Top of Records for this task

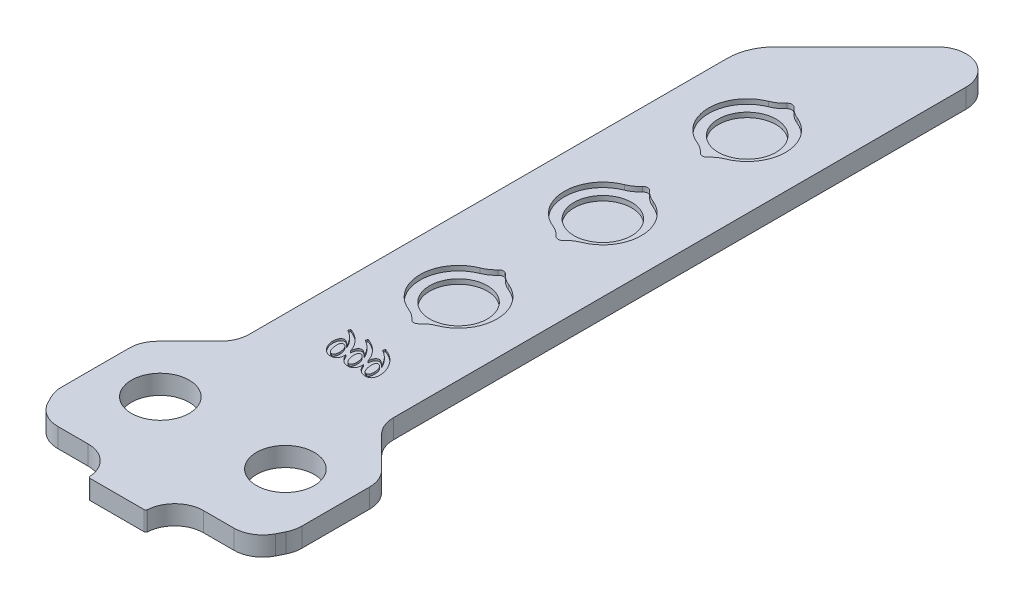
from build123d import *

# Parameters (mm, degrees)
BOSS_EXTRUDE1_DEPTH     = 1
SKETCH2_R               = 3
CUT_EXTRUDE2_DEPTH      = 2
CUT_EXTRUDE2_DEPTH_BACK = 2
SKETCH4_R               = 3
CUT_EXTRUDE4_DEPTH      = 2
CUT_EXTRUDE5_START      = 1
SKETCH4_3_R             = 4
SKETCH4_3_R_2           = 3
CUT_EXTRUDE5_DEPTH      = 0.5
FILLET7_R               = 0.5
LPATTERN2_COUNT         = 3
LPATTERN2_PITCH         = 15
FILLET7_OF_LPATTERN2_R  = 0.5
FILLET2_R               = 3
FILLET3_R               = 5
FILLET3_2_R             = 3
FILLET6_R               = 0.2
FILLET1_R               = 3
CUT_EXTRUDE8_START      = 0.8
CUT_EXTRUDE8_DEPTH      = 0.2


with BuildPart() as part:
    # Sketch1 → Boss-Extrude1 (new body, symmetric)
    with BuildSketch(Plane(origin=(0, 0, 0), x_dir=(1, 0, 0), z_dir=(0, 1, 0))):
        Polygon((-7.5, 73), (7.5, 88), (7.5, 20), (12.5, 15), (12.5, 6), (11, 3), (3, 3), (3, 0), (-3, 0), (-3, 3), (-11, 3), (-12.5, 6), (-12.5, 15), (-7.5, 20), align=None)
    extrude(amount=BOSS_EXTRUDE1_DEPTH, both=True)

    # Sketch2 → Cut-Extrude2 (cut, two sides)
    with BuildSketch(Plane(origin=(0, 0, 0), x_dir=(1, 0, 0), z_dir=(0, 1, 0))) as cut_extrude2_sk:
        with Locations((-6.5, 11)):
            Circle(SKETCH2_R)
        with Locations((6.5, 11)):
            Circle(SKETCH2_R)
    extrude(amount=CUT_EXTRUDE2_DEPTH, mode=Mode.SUBTRACT)
    extrude(cut_extrude2_sk.sketch, amount=-CUT_EXTRUDE2_DEPTH_BACK, mode=Mode.SUBTRACT)

    # Sketch4 → Cut-Extrude4 (cut, through all)
    with BuildSketch(Plane(origin=(0, 0, 0), x_dir=(1, 0, 0), z_dir=(0, 1, 0))):
        with Locations((0, 65.5)):
            Circle(SKETCH4_R)
    cut_extrude4 = extrude(amount=CUT_EXTRUDE4_DEPTH, mode=Mode.SUBTRACT)

    # Sketch4_3 → Cut-Extrude5 (cut)
    with BuildSketch(Plane(origin=(0, 0, 0), x_dir=(1, 0, 0), z_dir=(0, 1, 0)).offset(CUT_EXTRUDE5_START)):
        with BuildLine():
            ThreePointArc((-1.484614978, 69.214285714), (0, 69.5), (1.484614978, 69.214285714))
            ThreePointArc((1.484614978, 69.214285714), (0.634115199, 69.732213162), (0, 70.5))
            ThreePointArc((0, 70.5), (-0.634115199, 69.732213162), (-1.484614978, 69.214285714))
        make_face()
        with Locations((0, 65.5)):
            Circle(SKETCH4_3_R)
        with Locations((0, 65.5)):
            Circle(SKETCH4_3_R_2, mode=Mode.SUBTRACT)
        with BuildLine():
            ThreePointArc((0, 60.5), (0.634115199, 61.267786838), (1.484614978, 61.785714286))
            ThreePointArc((1.484614978, 61.785714286), (0, 61.5), (-1.484614978, 61.785714286))
            ThreePointArc((-1.484614978, 61.785714286), (-0.634115199, 61.267786838), (0, 60.5))
        make_face()
    cut_extrude5 = extrude(amount=-CUT_EXTRUDE5_DEPTH, mode=Mode.SUBTRACT)

    # Fillet7
    fillet7_edges = [part.edges().sort_by_distance(p)[0] for p in [
        (0, 0.75, -60.5),
        (0, 0.75, -70.5),
    ]]
    fillet(fillet7_edges, radius=FILLET7_R)

    # LPattern2: Cut-Extrude4, Cut-Extrude5 ×3
    with Locations(*[(0, 0, i * LPATTERN2_PITCH) for i in range(1, LPATTERN2_COUNT)]):
        add(cut_extrude4, mode=Mode.SUBTRACT)
        add(cut_extrude5, mode=Mode.SUBTRACT)

    # Fillet7 of LPattern2
    fillet7_of_lpattern2_edges = [part.edges().sort_by_distance(p)[0] for p in [
        (0, 0.75, -45.5),
        (0, 0.75, -55.5),
        (0, 0.75, -30.5),
        (0, 0.75, -40.5),
    ]]
    fillet(fillet7_of_lpattern2_edges, radius=FILLET7_OF_LPATTERN2_R)

    # Fillet2
    fillet2_edges = [part.edges().sort_by_distance(p)[0] for p in [
        (-7.5, 0, -20),
        (-12.5, 0, -15),
        (-12.5, 0, -6),
        (-11, 0, -3),
        (11, 0, -3),
        (12.5, 0, -6),
        (12.5, 0, -15),
        (7.5, 0, -20),
    ]]
    fillet(fillet2_edges, radius=FILLET2_R)

    # Fillet3
    fillet3_edges = [part.edges().sort_by_distance(p)[0] for p in [
        (-7.5, 0, -73),
    ]]
    fillet(fillet3_edges, radius=FILLET3_R)

    # Fillet3 2
    fillet3_2_edges = [part.edges().sort_by_distance(p)[0] for p in [
        (7.5, 0, -88),
    ]]
    fillet(fillet3_2_edges, radius=FILLET3_2_R)

    # Fillet6
    fillet6_edges = [part.edges().sort_by_distance(p)[0] for p in [
        (-3, 0, 0),
        (3, 0, 0),
    ]]
    fillet(fillet6_edges, radius=FILLET6_R)

    # Fillet1
    fillet1_edges = [part.edges().sort_by_distance(p)[0] for p in [
        (3, 0, -3),
        (-3, 0, -3),
    ]]
    fillet(fillet1_edges, radius=FILLET1_R)

    # Sketch10 → Cut-Extrude8 (cut)
    with BuildSketch(Plane(origin=(0, 0, 0), x_dir=(1, 0, 0), z_dir=(0, 1, 0)).offset(CUT_EXTRUDE8_START)):
        with BuildLine():
            add(Edge.make_bspline(
                [(0.875442505, 26.726559712), (0.947696868, 26.686036756), (1.091045705, 26.605641352), (1.290727218, 26.463216667), (1.47745556, 26.308739084), (1.649838397, 26.139336521), (1.807620386, 25.954940198), (1.951289532, 25.756110577), (2.081597312, 25.5432521), (2.155118179, 25.392584572), (2.192317505, 25.316351378)],
                knots=[0, 0, 0, 0, 0.000248367, 0.000492746, 0.000734549, 0.000974827, 0.00121684, 0.001461729, 0.001710084, 0.001964442, 0.001964442, 0.001964442, 0.001964442], degree=3))
            Line((2.192317505, 25.316351378), (2.181380005, 25.306872212))
            add(Edge.make_bspline(
                [(2.181380005, 25.306872212), (2.147563495, 25.341350427), (2.083164782, 25.407009261), (1.988189277, 25.497293231), (1.898150197, 25.572149766), (1.816007537, 25.635196077), (1.739619805, 25.683705972), (1.669691982, 25.718603731), (1.606116087, 25.742237607), (1.56466599, 25.745195398), (1.545546672, 25.746559712)],
                knots=[0, 0, 0, 0, 0.000144884, 0.000275911, 0.000392892, 0.000495996, 0.000586427, 0.000663712, 0.000730581, 0.000787834, 0.000787834, 0.000787834, 0.000787834], degree=3))
            add(Edge.make_bspline(
                [(1.545546672, 25.746559712), (1.529934894, 25.746083194), (1.498900417, 25.745135931), (1.45316338, 25.734858493), (1.408670927, 25.719894468), (1.365842723, 25.698017319), (1.323928778, 25.67110272), (1.28397832, 25.637104394), (1.245005789, 25.597466506), (1.208253106, 25.551730656), (1.173993568, 25.500944697), (1.143882863, 25.44504873), (1.118585425, 25.384393886), (1.097318646, 25.319365564), (1.081184815, 25.249579454), (1.070984217, 25.175113361), (1.062981359, 25.096070131), (1.062405549, 25.041721307), (1.062109172, 25.013747212)],
                knots=[0, 0, 0, 0, 4.6758e-05, 9.2949e-05, 0.00013999, 0.000187274, 0.000236825, 0.000289107, 0.000344278, 0.000403381, 0.000464861, 0.000527827, 0.000593509, 0.000661763, 0.000732867, 0.000808042, 0.000887129, 0.000971011, 0.000971011, 0.000971011, 0.000971011], degree=3))
            add(Edge.make_bspline(
                [(1.062109172, 25.013747212), (1.063245633, 24.966783894), (1.06549641, 24.873772389), (1.083059836, 24.735785838), (1.110234989, 24.600730978), (1.150194198, 24.468937928), (1.200454911, 24.340338188), (1.262289287, 24.214802266), (1.335251057, 24.092442211), (1.4182726, 23.974882174), (1.508317576, 23.865677458), (1.605372757, 23.770596752), (1.705189983, 23.68817654), (1.811286552, 23.622514541), (1.920988463, 23.569715527), (2.035903505, 23.533409863), (2.154953129, 23.510606083), (2.235964337, 23.507918034), (2.276900839, 23.506559712)],
                knots=[0, 0, 0, 0, 0.00014085, 0.000278955, 0.000416668, 0.000553697, 0.00069154, 0.000830459, 0.000973018, 0.001118476, 0.001261877, 0.001396968, 0.001525537, 0.001649358, 0.001770367, 0.001889817, 0.00200995, 0.002132667, 0.002132667, 0.002132667, 0.002132667], degree=3))
            add(Edge.make_bspline(
                [(2.276900839, 23.506559712), (2.306350118, 23.507190983), (2.363278167, 23.508411287), (2.445280402, 23.519687562), (2.521367801, 23.536999597), (2.591530568, 23.561583355), (2.655626799, 23.59377597), (2.713197779, 23.633659235), (2.764474612, 23.680711426), (2.809772686, 23.734282727), (2.849114637, 23.793421356), (2.882038587, 23.857231821), (2.912234658, 23.92395085), (2.934788917, 23.995349628), (2.953309266, 24.070328684), (2.966441221, 24.149046687), (2.973444902, 24.231710139), (2.974767826, 24.287971218), (2.975442505, 24.316663878)],
                knots=[0, 0, 0, 0, 8.8304e-05, 0.0001707, 0.000247816, 0.000322077, 0.000393166, 0.000462341, 0.0005315, 0.000601337, 0.000672321, 0.00074408, 0.000816562, 0.000891733, 0.000968309, 0.001048146, 0.001130863, 0.001216955, 0.001216955, 0.001216955, 0.001216955], degree=3))
            add(Edge.make_bspline(
                [(2.975442505, 24.316663878), (2.973902161, 24.380906039), (2.970816614, 24.509592934), (2.945597327, 24.702236314), (2.905724297, 24.89417717), (2.848944229, 25.085453756), (2.776543501, 25.2756741), (2.688577233, 25.465613706), (2.58378678, 25.654369109), (2.464197377, 25.841650309), (2.32992641, 26.02366552), (2.178260333, 26.19386241), (2.011654948, 26.35203814), (1.830572285, 26.499003857), (1.633770895, 26.633206346), (1.421981522, 26.755029794), (1.195571776, 26.865915967), (1.036579208, 26.928193387), (0.955650839, 26.959893045)],
                knots=[0, 0, 0, 0, 0.000192667, 0.000385942, 0.000581861, 0.000780283, 0.000983826, 0.001191966, 0.001407693, 0.001631, 0.00185821, 0.00208547, 0.00231395, 0.002546719, 0.002784361, 0.003027743, 0.003279175, 0.003539831, 0.003539831, 0.003539831, 0.003539831], degree=3))
            Line((0.955650839, 26.959893045), (0.875442505, 26.726559712))
        make_face()
        with BuildLine():
            add(Edge.make_bspline(
                [(2.121588339, 23.786559712), (2.103729068, 23.787519644), (2.068072066, 23.789436201), (2.016429167, 23.805687483), (1.966962233, 23.831115045), (1.920520997, 23.867141389), (1.876901865, 23.913785734), (1.835700016, 23.969902603), (1.797063701, 24.036319744), (1.748934597, 24.13758887), (1.698921418, 24.274473197), (1.653861748, 24.445716426), (1.627095286, 24.623042059), (1.623781555, 24.743137256), (1.622109172, 24.803747212)],
                knots=[0, 0, 0, 0, 5.3473e-05, 0.000106762, 0.000160898, 0.000219672, 0.000282078, 0.000351934, 0.000428092, 0.000512235, 0.000688041, 0.000864368, 0.001042768, 0.001224541, 0.001224541, 0.001224541, 0.001224541], degree=3))
            add(Edge.make_bspline(
                [(1.622109172, 24.803747212), (1.622569283, 24.840975483), (1.623432398, 24.910811468), (1.635812365, 25.008062166), (1.655026571, 25.090662543), (1.680960361, 25.15944752), (1.717318111, 25.212966305), (1.761641646, 25.252119127), (1.815086232, 25.276387114), (1.853731282, 25.278699752), (1.873671672, 25.279893045)],
                knots=[0, 0, 0, 0, 0.000111622, 0.00020939, 0.000293396, 0.000365702, 0.000428605, 0.00048547, 0.000541293, 0.000600804, 0.000600804, 0.000600804, 0.000600804], degree=3))
            add(Edge.make_bspline(
                [(1.873671672, 25.279893045), (1.891482406, 25.279004375), (1.926809294, 25.277241732), (1.979219221, 25.264360905), (2.029398712, 25.242115445), (2.078249153, 25.211689559), (2.124835224, 25.172701941), (2.169833613, 25.125061261), (2.213145167, 25.069060574), (2.254300064, 25.005356448), (2.291485577, 24.935853728), (2.325630767, 24.862947063), (2.353030141, 24.786134472), (2.375423433, 24.706380889), (2.394185457, 24.623994852), (2.40589494, 24.538095425), (2.414654547, 24.449310027), (2.41517737, 24.388874602), (2.415442505, 24.358226378)],
                knots=[0, 0, 0, 0, 5.3409e-05, 0.000105934, 0.000160796, 0.000217451, 0.000278042, 0.000342511, 0.000413689, 0.000490141, 0.00056975, 0.000650011, 0.000731434, 0.000814065, 0.000898453, 0.000984661, 0.00107398, 0.001165881, 0.001165881, 0.001165881, 0.001165881], degree=3))
            add(Edge.make_bspline(
                [(2.415442505, 24.358226378), (2.414786446, 24.313462444), (2.413559734, 24.229762128), (2.400032299, 24.11294041), (2.377544745, 24.013722575), (2.345785283, 23.931928093), (2.305268289, 23.866255695), (2.252308616, 23.820095746), (2.189912413, 23.790865355), (2.144754314, 23.788019584), (2.121588339, 23.786559712)],
                knots=[0, 0, 0, 0, 0.000134238, 0.000251, 0.000352165, 0.000438552, 0.000513384, 0.000581086, 0.000646683, 0.000715781, 0.000715781, 0.000715781, 0.000715781], degree=3))
        make_face(mode=Mode.SUBTRACT)
        with BuildLine():
            add(Edge.make_bspline(
                [(-0.930557495, 26.726559712), (-0.858303132, 26.686036756), (-0.714954295, 26.605641352), (-0.515272782, 26.463216667), (-0.32854444, 26.308739084), (-0.156161603, 26.139336521), (0.001620386, 25.954940198), (0.145289532, 25.756110577), (0.275597312, 25.5432521), (0.349118179, 25.392584572), (0.386317505, 25.316351378)],
                knots=[0, 0, 0, 0, 0.000248367, 0.000492746, 0.000734549, 0.000974827, 0.00121684, 0.001461729, 0.001710084, 0.001964442, 0.001964442, 0.001964442, 0.001964442], degree=3))
            Line((0.386317505, 25.316351378), (0.375380005, 25.306872212))
            add(Edge.make_bspline(
                [(0.375380005, 25.306872212), (0.341563495, 25.341350427), (0.277164782, 25.407009261), (0.182189277, 25.497293231), (0.092150197, 25.572149766), (0.010007537, 25.635196077), (-0.066380195, 25.683705972), (-0.136308018, 25.718603731), (-0.199883913, 25.742237607), (-0.24133401, 25.745195398), (-0.260453328, 25.746559712)],
                knots=[0, 0, 0, 0, 0.000144884, 0.000275911, 0.000392892, 0.000495996, 0.000586427, 0.000663712, 0.000730581, 0.000787834, 0.000787834, 0.000787834, 0.000787834], degree=3))
            add(Edge.make_bspline(
                [(-0.260453328, 25.746559712), (-0.276065106, 25.746083194), (-0.307099583, 25.745135931), (-0.35283662, 25.734858493), (-0.397329073, 25.719894468), (-0.440157277, 25.698017319), (-0.482071222, 25.67110272), (-0.52202168, 25.637104394), (-0.560994211, 25.597466506), (-0.597746894, 25.551730656), (-0.632006432, 25.500944697), (-0.662117137, 25.44504873), (-0.687414575, 25.384393886), (-0.708681354, 25.319365564), (-0.724815185, 25.249579454), (-0.735015783, 25.175113361), (-0.743018641, 25.096070131), (-0.743594451, 25.041721307), (-0.743890828, 25.013747212)],
                knots=[0, 0, 0, 0, 4.6758e-05, 9.2949e-05, 0.00013999, 0.000187274, 0.000236825, 0.000289107, 0.000344278, 0.000403381, 0.000464861, 0.000527827, 0.000593509, 0.000661763, 0.000732867, 0.000808042, 0.000887129, 0.000971011, 0.000971011, 0.000971011, 0.000971011], degree=3))
            add(Edge.make_bspline(
                [(-0.743890828, 25.013747212), (-0.742754367, 24.966783894), (-0.74050359, 24.873772389), (-0.722940164, 24.735785838), (-0.695765011, 24.600730978), (-0.655805802, 24.468937928), (-0.605545089, 24.340338188), (-0.543710713, 24.214802266), (-0.470748943, 24.092442211), (-0.3877274, 23.974882174), (-0.297682424, 23.865677458), (-0.200627243, 23.770596752), (-0.100810017, 23.68817654), (0.005286552, 23.622514541), (0.114988463, 23.569715527), (0.229903505, 23.533409863), (0.348953129, 23.510606083), (0.429964337, 23.507918034), (0.470900839, 23.506559712)],
                knots=[0, 0, 0, 0, 0.00014085, 0.000278955, 0.000416668, 0.000553697, 0.00069154, 0.000830459, 0.000973018, 0.001118476, 0.001261877, 0.001396968, 0.001525537, 0.001649358, 0.001770367, 0.001889817, 0.00200995, 0.002132667, 0.002132667, 0.002132667, 0.002132667], degree=3))
            add(Edge.make_bspline(
                [(0.470900839, 23.506559712), (0.500350118, 23.507190983), (0.557278167, 23.508411287), (0.639280402, 23.519687562), (0.715367801, 23.536999597), (0.785530568, 23.561583355), (0.849626799, 23.59377597), (0.907197779, 23.633659235), (0.958474612, 23.680711426), (1.003772686, 23.734282727), (1.043114637, 23.793421356), (1.076038587, 23.857231821), (1.106234658, 23.92395085), (1.128788917, 23.995349628), (1.147309266, 24.070328684), (1.160441221, 24.149046687), (1.167444902, 24.231710139), (1.168767826, 24.287971218), (1.169442505, 24.316663878)],
                knots=[0, 0, 0, 0, 8.8304e-05, 0.0001707, 0.000247816, 0.000322077, 0.000393166, 0.000462341, 0.0005315, 0.000601337, 0.000672321, 0.00074408, 0.000816562, 0.000891733, 0.000968309, 0.001048146, 0.001130863, 0.001216955, 0.001216955, 0.001216955, 0.001216955], degree=3))
            add(Edge.make_bspline(
                [(1.169442505, 24.316663878), (1.167902161, 24.380906039), (1.164816614, 24.509592934), (1.139597327, 24.702236314), (1.099724297, 24.89417717), (1.042944229, 25.085453756), (0.970543501, 25.2756741), (0.882577233, 25.465613706), (0.77778678, 25.654369109), (0.658197377, 25.841650309), (0.52392641, 26.02366552), (0.372260333, 26.19386241), (0.205654948, 26.35203814), (0.024572285, 26.499003857), (-0.172229105, 26.633206346), (-0.384018478, 26.755029794), (-0.610428224, 26.865915967), (-0.769420792, 26.928193387), (-0.850349161, 26.959893045)],
                knots=[0, 0, 0, 0, 0.000192667, 0.000385942, 0.000581861, 0.000780283, 0.000983826, 0.001191966, 0.001407693, 0.001631, 0.00185821, 0.00208547, 0.00231395, 0.002546719, 0.002784361, 0.003027743, 0.003279175, 0.003539831, 0.003539831, 0.003539831, 0.003539831], degree=3))
            Line((-0.850349161, 26.959893045), (-0.930557495, 26.726559712))
        make_face()
        with BuildLine():
            add(Edge.make_bspline(
                [(0.315588339, 23.786559712), (0.297729068, 23.787519644), (0.262072066, 23.789436201), (0.210429167, 23.805687483), (0.160962233, 23.831115045), (0.114520997, 23.867141389), (0.070901865, 23.913785734), (0.029700016, 23.969902603), (-0.008936299, 24.036319744), (-0.057065403, 24.13758887), (-0.107078582, 24.274473197), (-0.152138252, 24.445716426), (-0.178904714, 24.623042059), (-0.182218445, 24.743137256), (-0.183890828, 24.803747212)],
                knots=[0, 0, 0, 0, 5.3473e-05, 0.000106762, 0.000160898, 0.000219672, 0.000282078, 0.000351934, 0.000428092, 0.000512235, 0.000688041, 0.000864368, 0.001042768, 0.001224541, 0.001224541, 0.001224541, 0.001224541], degree=3))
            add(Edge.make_bspline(
                [(-0.183890828, 24.803747212), (-0.183430717, 24.840975483), (-0.182567602, 24.910811468), (-0.170187635, 25.008062166), (-0.150973429, 25.090662543), (-0.125039639, 25.15944752), (-0.088681889, 25.212966305), (-0.044358354, 25.252119127), (0.009086232, 25.276387114), (0.047731282, 25.278699752), (0.067671672, 25.279893045)],
                knots=[0, 0, 0, 0, 0.000111622, 0.00020939, 0.000293396, 0.000365702, 0.000428605, 0.00048547, 0.000541293, 0.000600804, 0.000600804, 0.000600804, 0.000600804], degree=3))
            add(Edge.make_bspline(
                [(0.067671672, 25.279893045), (0.085482406, 25.279004375), (0.120809294, 25.277241732), (0.173219221, 25.264360905), (0.223398712, 25.242115445), (0.272249153, 25.211689559), (0.318835224, 25.172701941), (0.363833613, 25.125061261), (0.407145167, 25.069060574), (0.448300064, 25.005356448), (0.485485577, 24.935853728), (0.519630767, 24.862947063), (0.547030141, 24.786134472), (0.569423433, 24.706380889), (0.588185457, 24.623994852), (0.59989494, 24.538095425), (0.608654547, 24.449310027), (0.60917737, 24.388874602), (0.609442505, 24.358226378)],
                knots=[0, 0, 0, 0, 5.3409e-05, 0.000105934, 0.000160796, 0.000217451, 0.000278042, 0.000342511, 0.000413689, 0.000490141, 0.00056975, 0.000650011, 0.000731434, 0.000814065, 0.000898453, 0.000984661, 0.00107398, 0.001165881, 0.001165881, 0.001165881, 0.001165881], degree=3))
            add(Edge.make_bspline(
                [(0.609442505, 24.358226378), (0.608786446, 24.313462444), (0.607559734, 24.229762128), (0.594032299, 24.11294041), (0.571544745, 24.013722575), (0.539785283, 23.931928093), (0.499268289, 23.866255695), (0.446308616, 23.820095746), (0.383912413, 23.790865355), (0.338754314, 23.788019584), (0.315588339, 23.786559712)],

Bottom of Records for this task

** Problem requirements **
Counting the lines above that hold "Circle", reply with the number and no other words.

** Response to the exercise **
5